Share your dilemmas and get honest opinions from other Mumsnetters.

to hate doing minutes of a meeting

141 replies

CaptSkippy · 26/03/2022 10:55

Last week, due to the absence of a person who usually does the minutes, I was asked two minutes for before a meeting started to do minutes.

I hate doing minutes. I can't keep an accurate record of a meeting and participate in it at the same time. People also talk too quickly for me to take notes of all that was said. The end result is that I always end up with scores of complaints any time I have taken minutes. It also takes me a really long time to write them up afterwards and if things are busy with my main responsibilities people keep pestering me for them when I really have no time to write it all out and share them.

These days I make sure that minutes are not part of my job repsonsibilities anymore and I refuse to even consider a job where that is a requirement.

I told the person who asked that I am no good at doing minutes, that I never end up with anything useful and that I only jot down a few things for myself. Despite my telling him this, he came back later and asked me what I got. I got all of two lines of the two hours meeting. I hope his own notes were more useful, but I never agreed to do them.

So was I being unreasonable?

OP posts:
toomanydogsandcats · 26/03/2022 14:18

Surely an admin would be present. Why would participants need to do that? It's a menial task

Needcoffeecoffeecoffee · 26/03/2022 14:19

@SafelySoftly

I just can’t imagine just saying oh no I can’t do it. Everything I’m asked to do at work I give 100% and try my hardest. 2 points from a 2 hour meeting isn’t that. Is this public sector?!? Because I’d be looking at a disciplinary in private sector for this, at least a performance improvement plan! It’s not the hard!!
Why would you assume its public sector?? Because theres more cuts so people have to pick up work? Or because you assume in the public sector people arent working? OP hasnt mentioned anything about the repercussions of not taking adequate minutes (that arent her job) whether there are some or not
SwedishEdith · 26/03/2022 14:23

Just take action points. That's all people look at minutes for - what has been dumped on them to sort out.

Kite22 · 26/03/2022 14:24

YANBU to hate doing them, but YABVU to be asked, and then to only record 2 lines of a 2 hour meeting.

You need to be assertive.

We don't have any administrative assistance - in our Team we take turns to keep minutes. Before we move to next item on the agenda, the person whose turn it is will often say "Hold on a minute - just for the minutes - what do you want recording about {topic just discussed}". Or "For the minutes - this is what I've put {read out} does that cover everything?".
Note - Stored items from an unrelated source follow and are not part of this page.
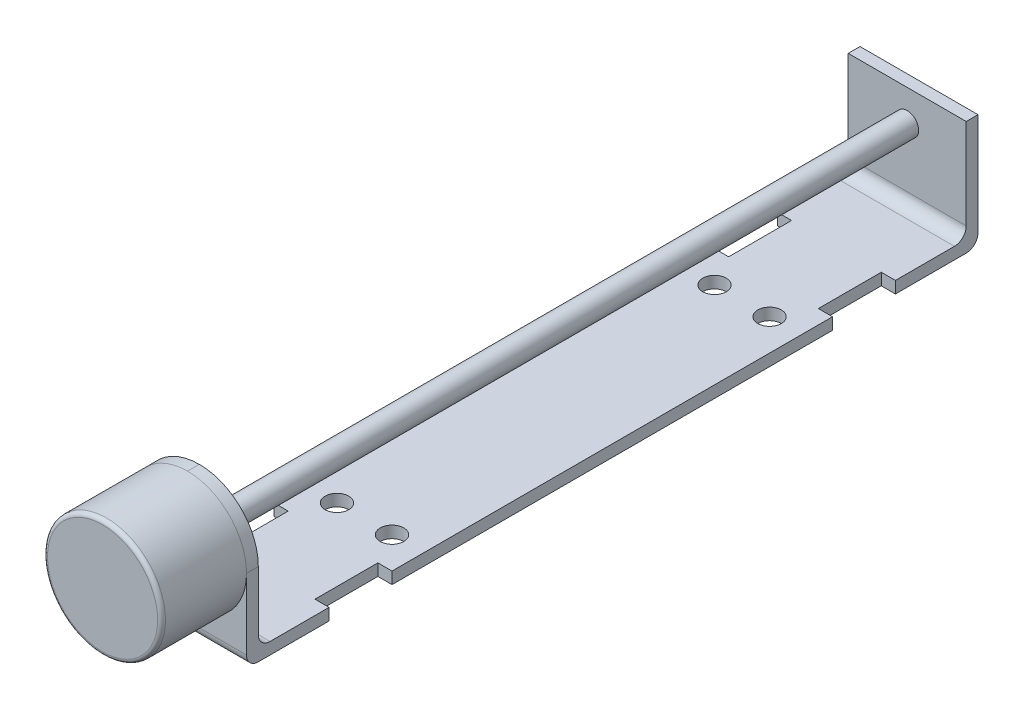
ISO-10303-21;
HEADER;
FILE_DESCRIPTION(('STEP AP214'),'2;1');
FILE_NAME('part.step','',(''),(''),'','','');
FILE_SCHEMA(('AUTOMOTIVE_DESIGN { 1 0 10303 214 1 1 1 1 }'));
ENDSEC;
DATA;
#1=APPLICATION_CONTEXT('core data for automotive mechanical design processes');
#2=APPLICATION_PROTOCOL_DEFINITION('international standard','automotive_design',2000,#1);
#3=PRODUCT_CONTEXT('',#1,'mechanical');
#4=PRODUCT('Part','Part','',(#3));
#5=PRODUCT_RELATED_PRODUCT_CATEGORY('part','',(#4));
#6=PRODUCT_DEFINITION_FORMATION('','',#4);
#7=PRODUCT_DEFINITION_CONTEXT('part definition',#1,'design');
#8=PRODUCT_DEFINITION('design','',#6,#7);
#9=PRODUCT_DEFINITION_SHAPE('','',#8);
#10=(LENGTH_UNIT() NAMED_UNIT(*) SI_UNIT(.MILLI.,.METRE.));
#11=(NAMED_UNIT(*) PLANE_ANGLE_UNIT() SI_UNIT($,.RADIAN.));
#12=(NAMED_UNIT(*) SI_UNIT($,.STERADIAN.) SOLID_ANGLE_UNIT());
#13=UNCERTAINTY_MEASURE_WITH_UNIT(LENGTH_MEASURE(1.E-05),#10,'distance_accuracy_value','');
#14=(GEOMETRIC_REPRESENTATION_CONTEXT(3) GLOBAL_UNCERTAINTY_ASSIGNED_CONTEXT((#13)) GLOBAL_UNIT_ASSIGNED_CONTEXT((#10,
#11,#12)) REPRESENTATION_CONTEXT('',''));
#15=CARTESIAN_POINT('',(0.,0.,0.));
#16=DIRECTION('',(0.,0.,1.));
#17=DIRECTION('',(1.,0.,0.));
#18=AXIS2_PLACEMENT_3D('',#15,#16,#17);
#19=CARTESIAN_POINT('',(15.,0.,0.));
#20=DIRECTION('',(1.,0.,0.));
#21=DIRECTION('',(0.,0.,-1.));
#22=AXIS2_PLACEMENT_3D('',#19,#20,#21);
#23=PLANE('',#22);
#24=DIRECTION('',(0.,-1.,0.));
#25=VECTOR('',#24,1.);
#26=CARTESIAN_POINT('',(15.,0.,36.));
#27=LINE('',#26,#25);
#28=CARTESIAN_POINT('',(15.,1.49999999999999,36.));
#29=VERTEX_POINT('',#28);
#30=CARTESIAN_POINT('',(15.,0.,36.));
#31=VERTEX_POINT('',#30);
#32=EDGE_CURVE('E240',#29,#31,#27,.T.);
#33=ORIENTED_EDGE('',*,*,#32,.F.);
#34=DIRECTION('',(0.,0.,1.));
#35=VECTOR('',#34,1.);
#36=CARTESIAN_POINT('',(15.,1.5,-45.));
#37=LINE('',#36,#35);
#38=CARTESIAN_POINT('',(15.,1.49999999999999,43.5));
#39=VERTEX_POINT('',#38);
#40=EDGE_CURVE('E341',#29,#39,#37,.T.);
#41=ORIENTED_EDGE('',*,*,#40,.T.);
#42=CARTESIAN_POINT('',(15.,2.99999999999999,43.5));
#43=DIRECTION('',(1.,0.,0.));
#44=DIRECTION('',(0.,0.,-1.));
#45=AXIS2_PLACEMENT_3D('',#42,#43,#44);
#46=CIRCLE('',#45,1.5);
#47=CARTESIAN_POINT('',(15.,2.99999999999999,45.));
#48=VERTEX_POINT('',#47);
#49=EDGE_CURVE('E414',#39,#48,#46,.F.);
#50=ORIENTED_EDGE('',*,*,#49,.T.);
#51=DIRECTION('',(0.,1.,0.));
#52=VECTOR('',#51,1.);
#53=CARTESIAN_POINT('',(15.,1.49999999999999,45.));
#54=LINE('',#53,#52);
#55=CARTESIAN_POINT('',(15.,10.5,45.));
#56=VERTEX_POINT('',#55);
#57=EDGE_CURVE('E345',#48,#56,#54,.T.);
#58=ORIENTED_EDGE('',*,*,#57,.T.);
#59=DIRECTION('',(0.,0.,1.));
#60=VECTOR('',#59,1.);
#61=CARTESIAN_POINT('',(15.,10.5,46.5));
#62=LINE('',#61,#60);
#63=CARTESIAN_POINT('',(15.,10.5,46.5));
#64=VERTEX_POINT('',#63);
#65=EDGE_CURVE('E423',#56,#64,#62,.T.);
#66=ORIENTED_EDGE('',*,*,#65,.T.);
#67=DIRECTION('',(0.,-1.,0.));
#68=VECTOR('',#67,1.);
#69=CARTESIAN_POINT('',(15.,18.,46.5));
#70=LINE('',#69,#68);
#71=CARTESIAN_POINT('',(15.,1.5,46.5));
#72=VERTEX_POINT('',#71);
#73=EDGE_CURVE('E327',#64,#72,#70,.T.);
#74=ORIENTED_EDGE('',*,*,#73,.T.);
#75=CARTESIAN_POINT('',(15.,1.5,45.));
#76=DIRECTION('',(1.,0.,0.));
#77=DIRECTION('',(0.,0.,-1.));
#78=AXIS2_PLACEMENT_3D('',#75,#76,#77);
#79=CIRCLE('',#78,1.5);
#80=CARTESIAN_POINT('',(15.,0.,45.));
#81=VERTEX_POINT('',#80);
#82=EDGE_CURVE('E397',#72,#81,#79,.T.);
#83=ORIENTED_EDGE('',*,*,#82,.T.);
#84=DIRECTION('',(0.,0.,-1.));
#85=VECTOR('',#84,1.);
#86=CARTESIAN_POINT('',(15.,0.,46.5));
#87=LINE('',#86,#85);
#88=EDGE_CURVE('E331',#81,#31,#87,.T.);
#89=ORIENTED_EDGE('',*,*,#88,.T.);
#90=EDGE_LOOP('',(#33,#41,#50,#58,#66,#74,#83,#89));
#91=FACE_BOUND('',#90,.T.);
#92=ADVANCED_FACE('F32',(#91),#23,.T.);
#93=DIRECTION('',(0.,1.,0.));
#94=VECTOR('',#93,1.);
#95=CARTESIAN_POINT('',(15.,0.,-35.9999999999999));
#96=LINE('',#95,#94);
#97=CARTESIAN_POINT('',(15.0000000000001,0.,-35.9999999999999));
#98=VERTEX_POINT('',#97);
#99=CARTESIAN_POINT('',(15.0000000000001,1.49999999999999,-35.9999999999999));
#100=VERTEX_POINT('',#99);
#101=EDGE_CURVE('E443',#98,#100,#96,.T.);
#102=ORIENTED_EDGE('',*,*,#101,.F.);
#103=CARTESIAN_POINT('',(15.,0.,-45.));
#104=VERTEX_POINT('',#103);
#105=EDGE_CURVE('E329',#98,#104,#87,.T.);
#106=ORIENTED_EDGE('',*,*,#105,.T.);
#107=CARTESIAN_POINT('',(15.,1.5,-45.));
#108=DIRECTION('',(1.,0.,0.));
#109=DIRECTION('',(0.,0.,-1.));
#110=AXIS2_PLACEMENT_3D('',#107,#108,#109);
#111=CIRCLE('',#110,1.5);
#112=CARTESIAN_POINT('',(15.,1.5,-46.5));
#113=VERTEX_POINT('',#112);
#114=EDGE_CURVE('E399',#104,#113,#111,.T.);
#115=ORIENTED_EDGE('',*,*,#114,.T.);
#116=DIRECTION('',(0.,1.,0.));
#117=VECTOR('',#116,1.);
#118=CARTESIAN_POINT('',(15.,0.,-46.5));
#119=LINE('',#118,#117);
#120=CARTESIAN_POINT('',(15.,14.5,-46.5));
#121=VERTEX_POINT('',#120);
#122=EDGE_CURVE('E333',#113,#121,#119,.T.);
#123=ORIENTED_EDGE('',*,*,#122,.T.);
#124=DIRECTION('',(0.,0.,1.));
#125=VECTOR('',#124,1.);
#126=CARTESIAN_POINT('',(15.,14.5,-46.5));
#127=LINE('',#126,#125);
#128=CARTESIAN_POINT('',(15.,14.5,-45.));
#129=VERTEX_POINT('',#128);
#130=EDGE_CURVE('E336',#121,#129,#127,.T.);
#131=ORIENTED_EDGE('',*,*,#130,.T.);
#132=DIRECTION('',(0.,-1.,0.));
#133=VECTOR('',#132,1.);
#134=CARTESIAN_POINT('',(15.,14.5,-45.));
#135=LINE('',#134,#133);
#136=CARTESIAN_POINT('',(15.,3.,-45.));
#137=VERTEX_POINT('',#136);
#138=EDGE_CURVE('E338',#129,#137,#135,.T.);
#139=ORIENTED_EDGE('',*,*,#138,.T.);
#140=CARTESIAN_POINT('',(15.,3.,-43.5));
#141=DIRECTION('',(1.,0.,0.));
#142=DIRECTION('',(0.,0.,-1.));
#143=AXIS2_PLACEMENT_3D('',#140,#141,#142);
#144=CIRCLE('',#143,1.5);
#145=CARTESIAN_POINT('',(15.,1.5,-43.5));
#146=VERTEX_POINT('',#145);
#147=EDGE_CURVE('E409',#137,#146,#144,.F.);
#148=ORIENTED_EDGE('',*,*,#147,.T.);
#149=EDGE_CURVE('E342',#146,#100,#37,.T.);
#150=ORIENTED_EDGE('',*,*,#149,.T.);
#151=EDGE_LOOP('',(#102,#106,#115,#123,#131,#139,#148,#150));
#152=FACE_BOUND('',#151,.T.);
#153=ADVANCED_FACE('F489',(#152),#23,.T.);
#154=CARTESIAN_POINT('',(0.,0.,0.));
#155=DIRECTION('',(1.,0.,0.));
#156=DIRECTION('',(0.,0.,-1.));
#157=AXIS2_PLACEMENT_3D('',#154,#155,#156);
#158=PLANE('',#157);
#159=DIRECTION('',(0.,0.,1.));
#160=VECTOR('',#159,1.);
#161=CARTESIAN_POINT('',(0.,1.5,-45.));
#162=LINE('',#161,#160);
#163=CARTESIAN_POINT('',(0.,1.49999999999999,36.));
#164=VERTEX_POINT('',#163);
#165=CARTESIAN_POINT('',(0.,1.49999999999999,43.5));
#166=VERTEX_POINT('',#165);
#167=EDGE_CURVE('E362',#164,#166,#162,.T.);
#168=ORIENTED_EDGE('',*,*,#167,.F.);
#169=DIRECTION('',(0.,-1.,0.));
#170=VECTOR('',#169,1.);
#171=CARTESIAN_POINT('',(0.,0.,36.));
#172=LINE('',#171,#170);
#173=CARTESIAN_POINT('',(0.,0.,36.));
#174=VERTEX_POINT('',#173);
#175=EDGE_CURVE('E438',#164,#174,#172,.T.);
#176=ORIENTED_EDGE('',*,*,#175,.T.);
#177=DIRECTION('',(0.,0.,-1.));
#178=VECTOR('',#177,1.);
#179=CARTESIAN_POINT('',(0.,0.,46.5));
#180=LINE('',#179,#178);
#181=CARTESIAN_POINT('',(0.,0.,45.));
#182=VERTEX_POINT('',#181);
#183=EDGE_CURVE('E352',#182,#174,#180,.T.);
#184=ORIENTED_EDGE('',*,*,#183,.F.);
#185=CARTESIAN_POINT('',(0.,1.5,45.));
#186=DIRECTION('',(1.,0.,0.));
#187=DIRECTION('',(0.,0.,-1.));
#188=AXIS2_PLACEMENT_3D('',#185,#186,#187);
#189=CIRCLE('',#188,1.5);
#190=CARTESIAN_POINT('',(0.,1.5,46.5));
#191=VERTEX_POINT('',#190);
#192=EDGE_CURVE('E385',#182,#191,#189,.F.);
#193=ORIENTED_EDGE('',*,*,#192,.T.);
#194=DIRECTION('',(0.,-1.,0.));
#195=VECTOR('',#194,1.);
#196=CARTESIAN_POINT('',(0.,18.,46.5));
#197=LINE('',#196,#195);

Just sitting there with the meeting having asked you to take them, and then not doing them, is unreasonable.

DiamondBright · 26/03/2022 14:25

I would have refused to take minutes, that's a specific skill I'm not trained to do. It would have been better to record the meeting for someone to minute later.

I would take informal notes at a push but thankfully in the male dominated world I work in no one would dare ask me to take notes, I've had male executive directors offer to take notes rather than ask me and risk appearing sexist. My female line manager is the only one who would ask me, but only notes never formal minutes.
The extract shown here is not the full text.